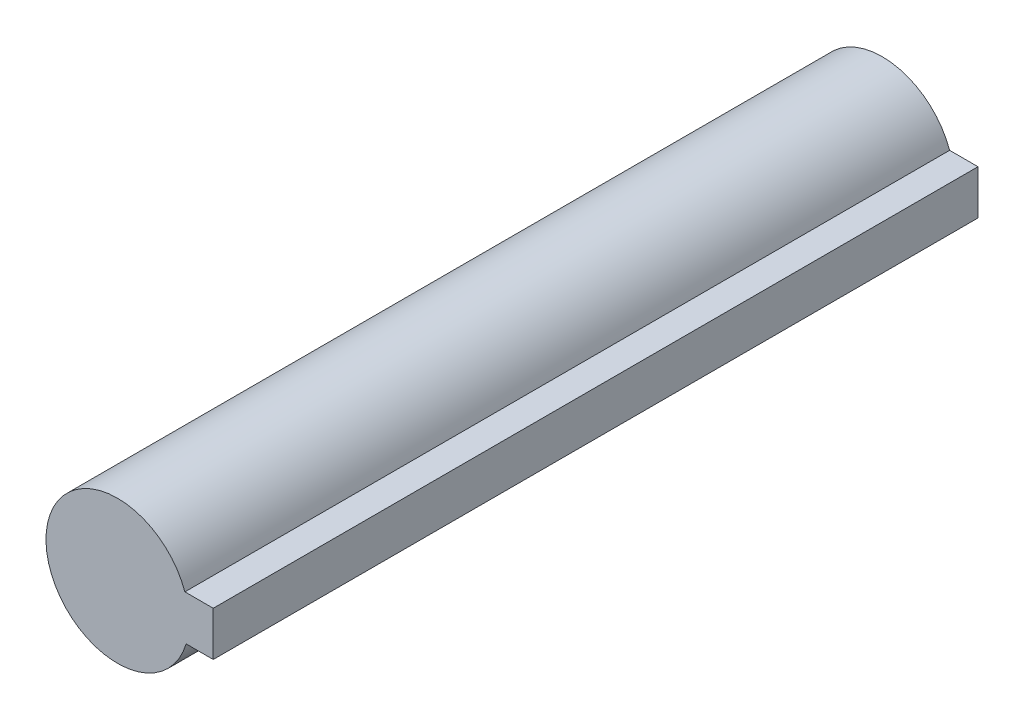
ISO-10303-21;
HEADER;
FILE_DESCRIPTION(('STEP AP214'),'2;1');
FILE_NAME('part.step','',(''),(''),'','','');
FILE_SCHEMA(('AUTOMOTIVE_DESIGN { 1 0 10303 214 1 1 1 1 }'));
ENDSEC;
DATA;
#1=APPLICATION_CONTEXT('core data for automotive mechanical design processes');
#2=APPLICATION_PROTOCOL_DEFINITION('international standard','automotive_design',2000,#1);
#3=PRODUCT_CONTEXT('',#1,'mechanical');
#4=PRODUCT('Part','Part','',(#3));
#5=PRODUCT_RELATED_PRODUCT_CATEGORY('part','',(#4));
#6=PRODUCT_DEFINITION_FORMATION('','',#4);
#7=PRODUCT_DEFINITION_CONTEXT('part definition',#1,'design');
#8=PRODUCT_DEFINITION('design','',#6,#7);
#9=PRODUCT_DEFINITION_SHAPE('','',#8);
#10=(LENGTH_UNIT() NAMED_UNIT(*) SI_UNIT(.MILLI.,.METRE.));
#11=(NAMED_UNIT(*) PLANE_ANGLE_UNIT() SI_UNIT($,.RADIAN.));
#12=(NAMED_UNIT(*) SI_UNIT($,.STERADIAN.) SOLID_ANGLE_UNIT());
#13=UNCERTAINTY_MEASURE_WITH_UNIT(LENGTH_MEASURE(1.E-05),#10,'distance_accuracy_value','');
#14=(GEOMETRIC_REPRESENTATION_CONTEXT(3) GLOBAL_UNCERTAINTY_ASSIGNED_CONTEXT((#13)) GLOBAL_UNIT_ASSIGNED_CONTEXT((#10,
#11,#12)) REPRESENTATION_CONTEXT('',''));
#15=CARTESIAN_POINT('',(0.,0.,0.));
#16=DIRECTION('',(0.,0.,1.));
#17=DIRECTION('',(1.,0.,0.));
#18=AXIS2_PLACEMENT_3D('',#15,#16,#17);
#19=CARTESIAN_POINT('',(2.73063346722772,0.976545374089658,31.));
#20=DIRECTION('',(0.,-1.,0.));
#21=DIRECTION('',(1.,0.,0.));
#22=AXIS2_PLACEMENT_3D('',#19,#20,#21);
#23=PLANE('',#22);
#24=DIRECTION('',(-1.,0.,0.));
#25=VECTOR('',#24,1.);
#26=CARTESIAN_POINT('',(2.73063346722772,0.976545374089658,0.));
#27=LINE('',#26,#25);
#28=CARTESIAN_POINT('',(3.88063346722772,0.976545374089659,0.));
#29=VERTEX_POINT('',#28);
#30=CARTESIAN_POINT('',(2.73063346722772,0.976545374089658,0.));
#31=VERTEX_POINT('',#30);
#32=EDGE_CURVE('E113',#29,#31,#27,.T.);
#33=ORIENTED_EDGE('',*,*,#32,.T.);
#34=DIRECTION('',(0.,0.,-1.));
#35=VECTOR('',#34,1.);
#36=CARTESIAN_POINT('',(2.73063346722772,0.976545374089658,31.));
#37=LINE('',#36,#35);
#38=CARTESIAN_POINT('',(2.73063346722772,0.976545374089658,31.));
#39=VERTEX_POINT('',#38);
#40=EDGE_CURVE('E11',#39,#31,#37,.T.);
#41=ORIENTED_EDGE('',*,*,#40,.F.);
#42=DIRECTION('',(-1.,0.,0.));
#43=VECTOR('',#42,1.);
#44=CARTESIAN_POINT('',(2.73063346722772,0.976545374089658,31.));
#45=LINE('',#44,#43);
#46=CARTESIAN_POINT('',(3.88063346722772,0.976545374089659,31.));
#47=VERTEX_POINT('',#46);
#48=EDGE_CURVE('E97',#47,#39,#45,.T.);
#49=ORIENTED_EDGE('',*,*,#48,.F.);
#50=DIRECTION('',(0.,0.,-1.));
#51=VECTOR('',#50,1.);
#52=CARTESIAN_POINT('',(3.88063346722772,0.976545374089659,31.));
#53=LINE('',#52,#51);
#54=EDGE_CURVE('E109',#47,#29,#53,.T.);
#55=ORIENTED_EDGE('',*,*,#54,.T.);
#56=EDGE_LOOP('',(#33,#41,#49,#55));
#57=FACE_BOUND('',#56,.T.);
#58=ADVANCED_FACE('F45',(#57),#23,.F.);
#59=CARTESIAN_POINT('',(0.,0.,31.));
#60=DIRECTION('',(0.,0.,-1.));
#61=DIRECTION('',(-1.,0.,0.));
#62=AXIS2_PLACEMENT_3D('',#59,#60,#61);
#63=CYLINDRICAL_SURFACE('',#62,2.9);
#64=CARTESIAN_POINT('',(0.,0.,0.));
#65=DIRECTION('',(0.,0.,1.));
#66=DIRECTION('',(1.,0.,0.));
#67=AXIS2_PLACEMENT_3D('',#64,#65,#66);
#68=CIRCLE('',#67,2.9);
#69=CARTESIAN_POINT('',(2.78063346722772,-0.823454625910341,0.));
#70=VERTEX_POINT('',#69);
#71=EDGE_CURVE('E102',#31,#70,#68,.T.);
#72=ORIENTED_EDGE('',*,*,#71,.T.);
#73=DIRECTION('',(0.,0.,-1.));
#74=VECTOR('',#73,1.);
#75=CARTESIAN_POINT('',(2.78063346722772,-0.823454625910341,31.));
#76=LINE('',#75,#74);
#77=CARTESIAN_POINT('',(2.78063346722772,-0.823454625910341,31.));
#78=VERTEX_POINT('',#77);
#79=EDGE_CURVE('E54',#78,#70,#76,.T.);
#80=ORIENTED_EDGE('',*,*,#79,.F.);
#81=CARTESIAN_POINT('',(0.,0.,31.));
#82=DIRECTION('',(0.,0.,1.));
#83=DIRECTION('',(1.,0.,0.));
#84=AXIS2_PLACEMENT_3D('',#81,#82,#83);
#85=CIRCLE('',#84,2.9);
#86=EDGE_CURVE('E92',#39,#78,#85,.T.);
#87=ORIENTED_EDGE('',*,*,#86,.F.);
#88=ORIENTED_EDGE('',*,*,#40,.T.);
#89=EDGE_LOOP('',(#72,#80,#87,#88));
#90=FACE_BOUND('',#89,.T.);
#91=ADVANCED_FACE('F101',(#90),#63,.T.);
#92=CARTESIAN_POINT('',(2.78063346722772,-0.823454625910341,31.));
#93=DIRECTION('',(0.,1.,0.));
#94=DIRECTION('',(-1.,0.,0.));
#95=AXIS2_PLACEMENT_3D('',#92,#93,#94);
#96=PLANE('',#95);
#97=DIRECTION('',(1.,0.,0.));
#98=VECTOR('',#97,1.);
#99=CARTESIAN_POINT('',(2.78063346722772,-0.823454625910341,0.));
#100=LINE('',#99,#98);
#101=CARTESIAN_POINT('',(3.88063346722772,-0.823454625910341,0.));
#102=VERTEX_POINT('',#101);
#103=EDGE_CURVE('E79',#70,#102,#100,.T.);
#104=ORIENTED_EDGE('',*,*,#103,.T.);
#105=DIRECTION('',(0.,0.,-1.));
#106=VECTOR('',#105,1.);
#107=CARTESIAN_POINT('',(3.88063346722772,-0.823454625910341,31.));
#108=LINE('',#107,#106);
#109=CARTESIAN_POINT('',(3.88063346722772,-0.823454625910341,31.));
#110=VERTEX_POINT('',#109);
#111=EDGE_CURVE('E104',#110,#102,#108,.T.);
#112=ORIENTED_EDGE('',*,*,#111,.F.);
#113=DIRECTION('',(1.,0.,0.));
#114=VECTOR('',#113,1.);
#115=CARTESIAN_POINT('',(2.78063346722772,-0.823454625910341,31.));
#116=LINE('',#115,#114);
#117=EDGE_CURVE('E95',#78,#110,#116,.T.);
#118=ORIENTED_EDGE('',*,*,#117,.F.);
#119=ORIENTED_EDGE('',*,*,#79,.T.);
#120=EDGE_LOOP('',(#104,#112,#118,#119));
#121=FACE_BOUND('',#120,.T.);
#122=ADVANCED_FACE('F105',(#121),#96,.F.);
#123=CARTESIAN_POINT('',(3.88063346722772,-0.823454625910341,31.));
#124=DIRECTION('',(-1.,0.,0.));
#125=DIRECTION('',(0.,0.,1.));
#126=AXIS2_PLACEMENT_3D('',#123,#124,#125);
#127=PLANE('',#126);
#128=DIRECTION('',(0.,1.,0.));
#129=VECTOR('',#128,1.);
#130=CARTESIAN_POINT('',(3.88063346722772,-0.823454625910341,0.));
#131=LINE('',#130,#129);
#132=EDGE_CURVE('E85',#102,#29,#131,.T.);
#133=ORIENTED_EDGE('',*,*,#132,.T.);
#134=ORIENTED_EDGE('',*,*,#54,.F.);
#135=DIRECTION('',(0.,1.,0.));
#136=VECTOR('',#135,1.);
#137=CARTESIAN_POINT('',(3.88063346722772,-0.823454625910341,31.));
#138=LINE('',#137,#136);
#139=EDGE_CURVE('E62',#110,#47,#138,.T.);
#140=ORIENTED_EDGE('',*,*,#139,.F.);
#141=ORIENTED_EDGE('',*,*,#111,.T.);
#142=EDGE_LOOP('',(#133,#134,#140,#141));
#143=FACE_BOUND('',#142,.T.);
#144=ADVANCED_FACE('F126',(#143),#127,.F.);
#145=CARTESIAN_POINT('',(0.,0.,31.));
#146=DIRECTION('',(0.,0.,1.));
#147=DIRECTION('',(1.,0.,0.));
#148=AXIS2_PLACEMENT_3D('',#145,#146,#147);
#149=PLANE('',#148);
#150=ORIENTED_EDGE('',*,*,#48,.T.);
#151=ORIENTED_EDGE('',*,*,#86,.T.);
#152=ORIENTED_EDGE('',*,*,#117,.T.);
#153=ORIENTED_EDGE('',*,*,#139,.T.);
#154=EDGE_LOOP('',(#150,#151,#152,#153));
#155=FACE_BOUND('',#154,.T.);
#156=ADVANCED_FACE('F93',(#155),#149,.T.);
#157=CARTESIAN_POINT('',(0.,0.,0.));
#158=DIRECTION('',(0.,0.,1.));
#159=DIRECTION('',(1.,0.,0.));
#160=AXIS2_PLACEMENT_3D('',#157,#158,#159);
#161=PLANE('',#160);
#162=ORIENTED_EDGE('',*,*,#32,.F.);
#163=ORIENTED_EDGE('',*,*,#132,.F.);
#164=ORIENTED_EDGE('',*,*,#103,.F.);
#165=ORIENTED_EDGE('',*,*,#71,.F.);
#166=EDGE_LOOP('',(#162,#163,#164,#165));
#167=FACE_BOUND('',#166,.T.);
#168=ADVANCED_FACE('F129',(#167),#161,.F.);
#169=CLOSED_SHELL('',(#58,#91,#122,#144,#156,#168));
#170=MANIFOLD_SOLID_BREP('B2',#169);
#171=ADVANCED_BREP_SHAPE_REPRESENTATION('',(#18,#170),#14);
#172=SHAPE_DEFINITION_REPRESENTATION(#9,#171);
ENDSEC;
END-ISO-10303-21;

——————

From the records above, copy only the lines starting with the line that holds "#110=VERTEX_POINT('',#109);" and going on through the line that holds "#140=ORIENTED_EDGE('',*,*,#139,.F.);", exactly as written.

#110=VERTEX_POINT('',#109);
#111=EDGE_CURVE('E104',#110,#102,#108,.T.);
#112=ORIENTED_EDGE('',*,*,#111,.F.);
#113=DIRECTION('',(1.,0.,0.));
#114=VECTOR('',#113,1.);
#115=CARTESIAN_POINT('',(2.78063346722772,-0.823454625910341,31.));
#116=LINE('',#115,#114);
#117=EDGE_CURVE('E95',#78,#110,#116,.T.);
#118=ORIENTED_EDGE('',*,*,#117,.F.);
#119=ORIENTED_EDGE('',*,*,#79,.T.);
#120=EDGE_LOOP('',(#104,#112,#118,#119));
#121=FACE_BOUND('',#120,.T.);
#122=ADVANCED_FACE('F105',(#121),#96,.F.);
#123=CARTESIAN_POINT('',(3.88063346722772,-0.823454625910341,31.));
#124=DIRECTION('',(-1.,0.,0.));
#125=DIRECTION('',(0.,0.,1.));
#126=AXIS2_PLACEMENT_3D('',#123,#124,#125);
#127=PLANE('',#126);
#128=DIRECTION('',(0.,1.,0.));
#129=VECTOR('',#128,1.);
#130=CARTESIAN_POINT('',(3.88063346722772,-0.823454625910341,0.));
#131=LINE('',#130,#129);
#132=EDGE_CURVE('E85',#102,#29,#131,.T.);
#133=ORIENTED_EDGE('',*,*,#132,.T.);
#134=ORIENTED_EDGE('',*,*,#54,.F.);
#135=DIRECTION('',(0.,1.,0.));
#136=VECTOR('',#135,1.);
#137=CARTESIAN_POINT('',(3.88063346722772,-0.823454625910341,31.));
#138=LINE('',#137,#136);
#139=EDGE_CURVE('E62',#110,#47,#138,.T.);
#140=ORIENTED_EDGE('',*,*,#139,.F.);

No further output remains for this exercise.